Vu la procédure suivante :
Procédure contentieuse antérieure :
Mme A... B... a demandé au tribunal administratif de Melun d'annuler l'arrêté du 24 mai 2022, par lequel la préfète du Val-de-Marne a refusé de lui délivrer un titre de séjour, lui a fait obligation de quitter le territoire français dans un délai de trente jours et a fixé le pays de destination.
Par un jugement n° 2206584 du 6 décembre 2022, le tribunal administratif de Melun a rejeté sa demande.

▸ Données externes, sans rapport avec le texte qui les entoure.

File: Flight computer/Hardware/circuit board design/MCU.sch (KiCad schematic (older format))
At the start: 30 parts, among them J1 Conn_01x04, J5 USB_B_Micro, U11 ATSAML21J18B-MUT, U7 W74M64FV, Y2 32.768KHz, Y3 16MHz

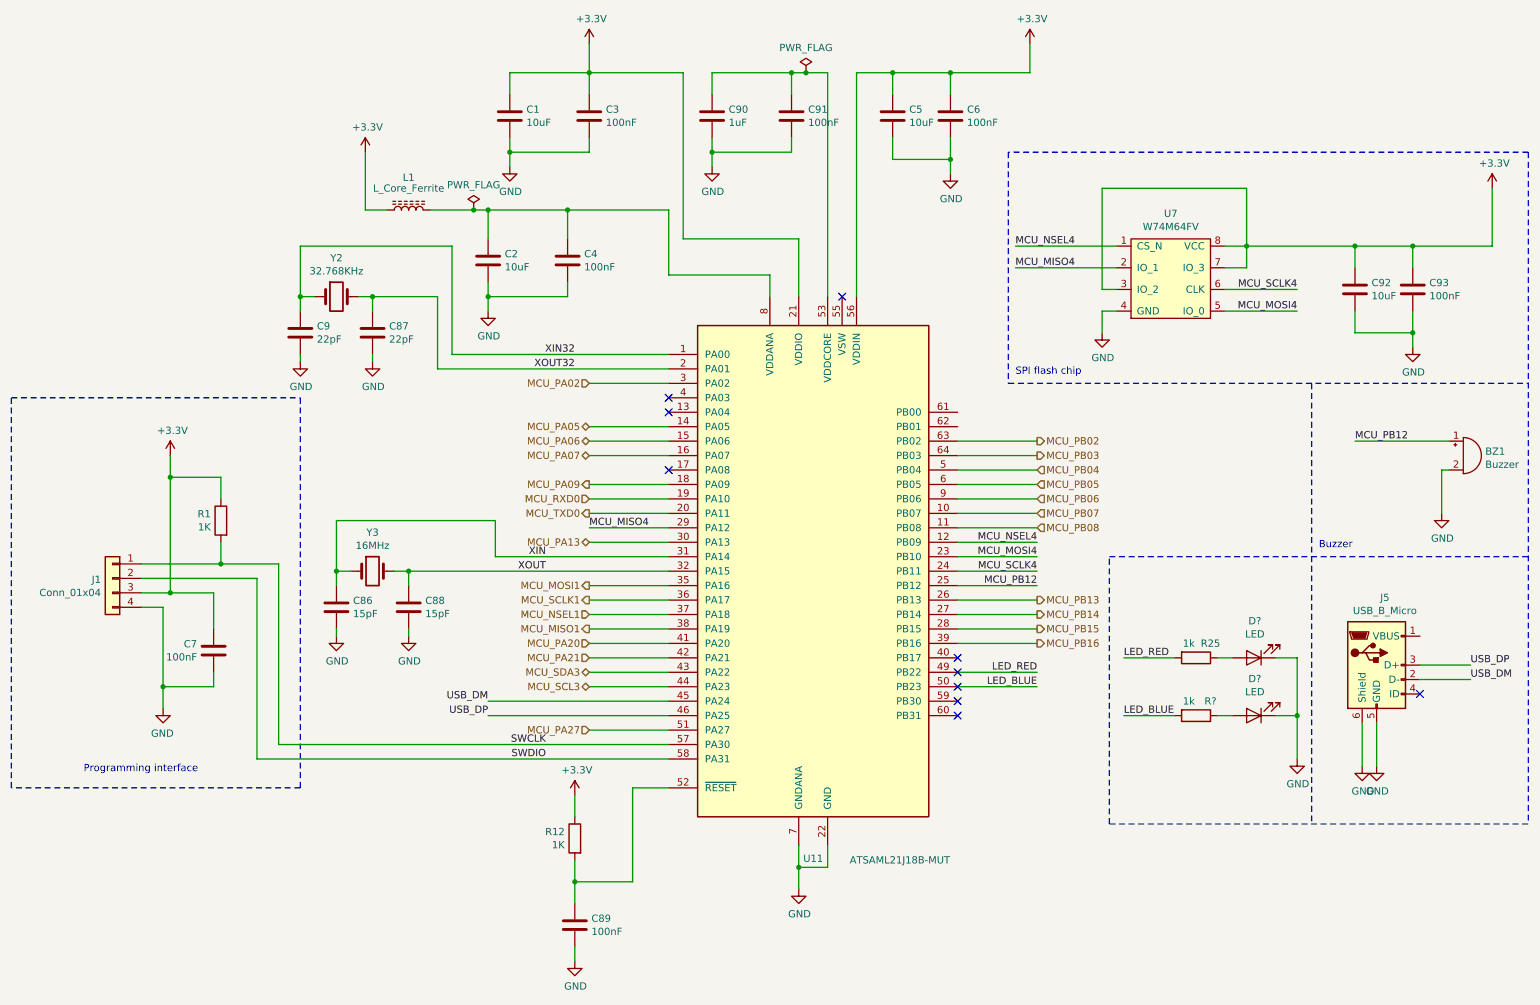
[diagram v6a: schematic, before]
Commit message: moved the USB connector to power_supply schematic
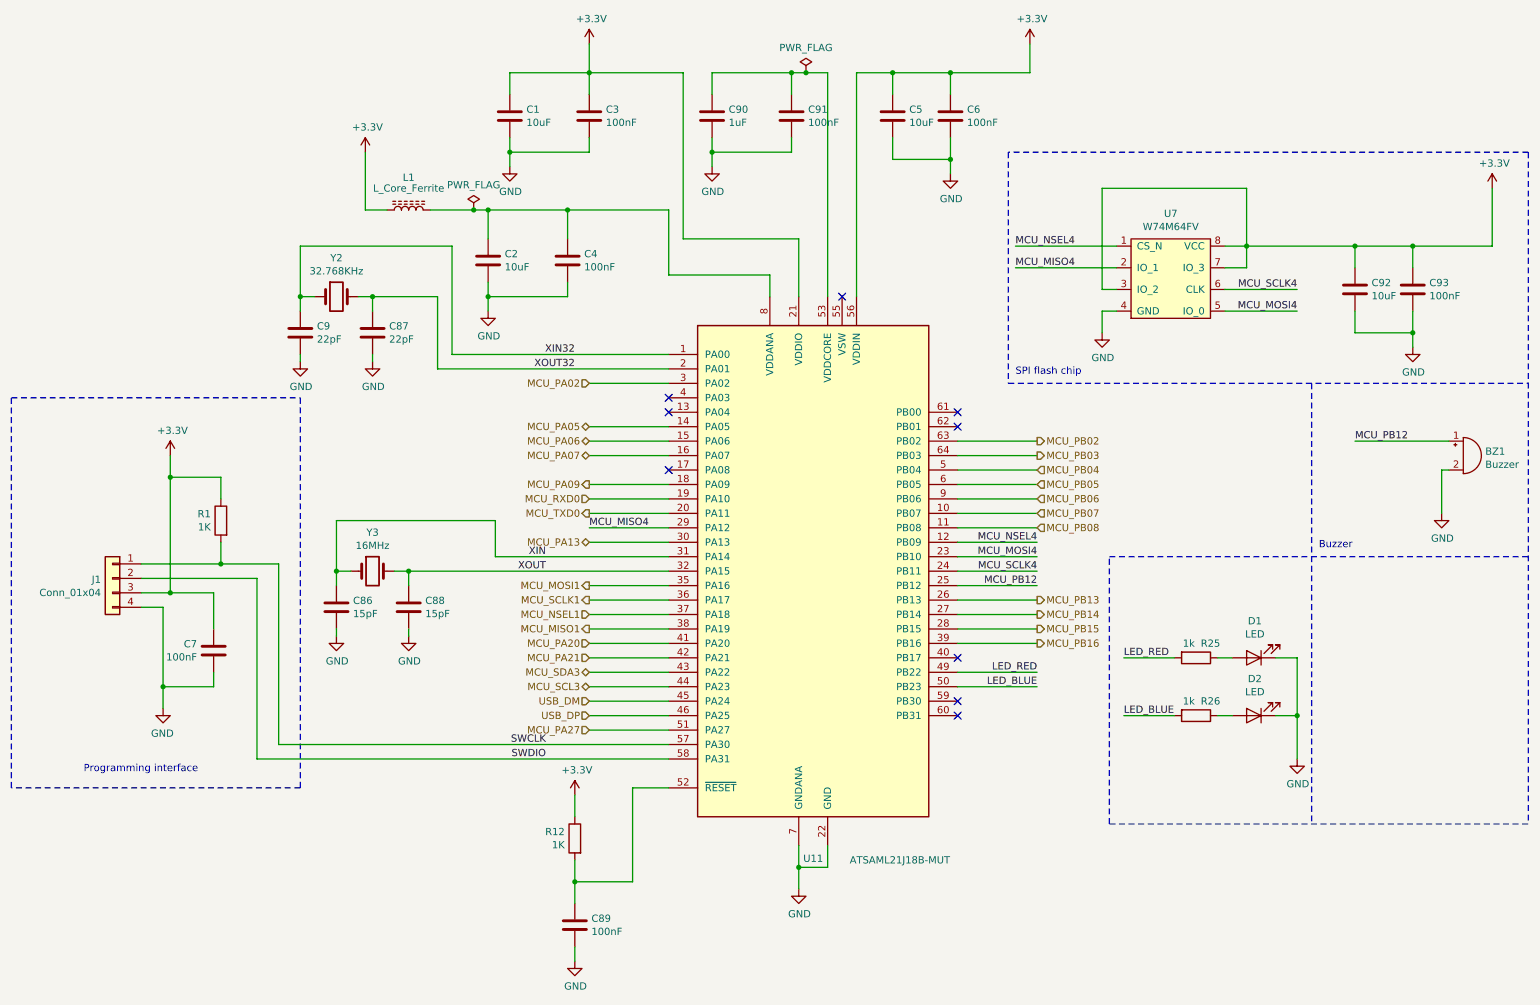
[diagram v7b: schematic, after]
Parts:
- removed J5: USB_B_Micro, Connector_USB:USB_Micro-B_Molex-105017-0001, symbol Connector:USB_B_Micro
- gave numbers to parts that had none: 3
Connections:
- no-connect marks 10 -> 9
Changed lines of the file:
@@
 Text Label 4250 5700 2    50   ~ 0
 SWDIO
-Text Label 3850 5300 2    50   ~ 0
-USB_DM
-Text Label 3850 5400 2    50   ~ 0
-USB_DP
-Wire Wire Line
-	3850 5300 5100 5300
-Wire Wire Line
-	3850 5400 5100 5400
 $Comp
 L power:GND #PWR089
@@
 NoConn ~ 7100 5400
 NoConn ~ 7100 5300
-NoConn ~ 7100 5200
-NoConn ~ 7100 5100
 NoConn ~ 7100 5000
 Wire Notes Line
@@
 Text Notes 7500 3050 0    50   ~ 0
 SPI flash chip
-Text Label 10650 5150 0    50   ~ 0
-USB_DM
-Text Label 10650 5050 0    50   ~ 0
-USB_DP
 Text HLabel 7650 3600 2    50   Output ~ 0
 MCU_PB03
@@
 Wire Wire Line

Procédure devant la Cour :
Par une requête, un mémoire et des pièces complémentaires, enregistrés les 25 mars et 9 mai 2023 ainsi qu'un mémoire complémentaire enregistré le 28 novembre 2023 et non communiqué, Mme B..., représentée par Me Bozize, demande à la Cour :
1°) d'annuler le jugement n° 2206584 du 6 décembre 2022 du tribunal administratif de Melun ;
2°) d'annuler l'arrêté du 24 mai 2022 de la préfète du Val-de-Marne ;
3°) d'enjoindre à l'administration de lui délivrer un titre de séjour mention " vie privée et familiale " dans un délai d'un mois à compter de la notification de la décision à intervenir et sous astreinte de 50 euros par jour de retard ou, à titre subsidiaire, de réexaminer sa situation administrative, dans le même délai et sous la même astreinte, en lui délivrant durant cet examen une autorisation provisoire de séjour l'autorisant à travailler ;
4°) de mettre à la charge de l'Etat le versement à son conseil de la somme de 2 000 euros sur le fondement des articles 37 de la loi du 10 juillet 1991 et L. 761-1 du code de justice administrative.
Elle soutient que :
- la décision de refus de séjour est insuffisamment motivée ;
- cette décision est entachée d'un vice de procédure, en l'absence de saisine de la commission du titre de séjour ;
- elle a été prise en violation des articles 8 de la convention européenne de sauvegarde des droits de l'homme et des libertés fondamentales et 3-1 de la convention internationale relative aux droits de l'enfant et est entachée d'erreur manifeste d'appréciation de ses conséquences sur sa situation ;
- elle méconnaît l'article L. 435-1 du code de l'entrée et du séjour des étrangers et du droit d'asile ;
- la décision d'obligation de quitter le territoire français est illégale en raison de l'illégalité de la décision de refus de séjour qui la fonde ;
- cette décision a été prise en violation des articles 8 de la convention européenne de sauvegarde des droits de l'homme et des libertés fondamentales et 3-1 de la convention internationale relative aux droits de l'enfant ;
- la décision fixant le pays de renvoi est illégale en raison de l'illégalité des décisions de refus de séjour et d'obligation de quitter le territoire qui la fondent ;
- cette décision a été prise en violation des articles 8 de la convention européenne de sauvegarde des droits de l'homme et des libertés fondamentales et 3-1 de la convention internationale relative aux droits de l'enfant.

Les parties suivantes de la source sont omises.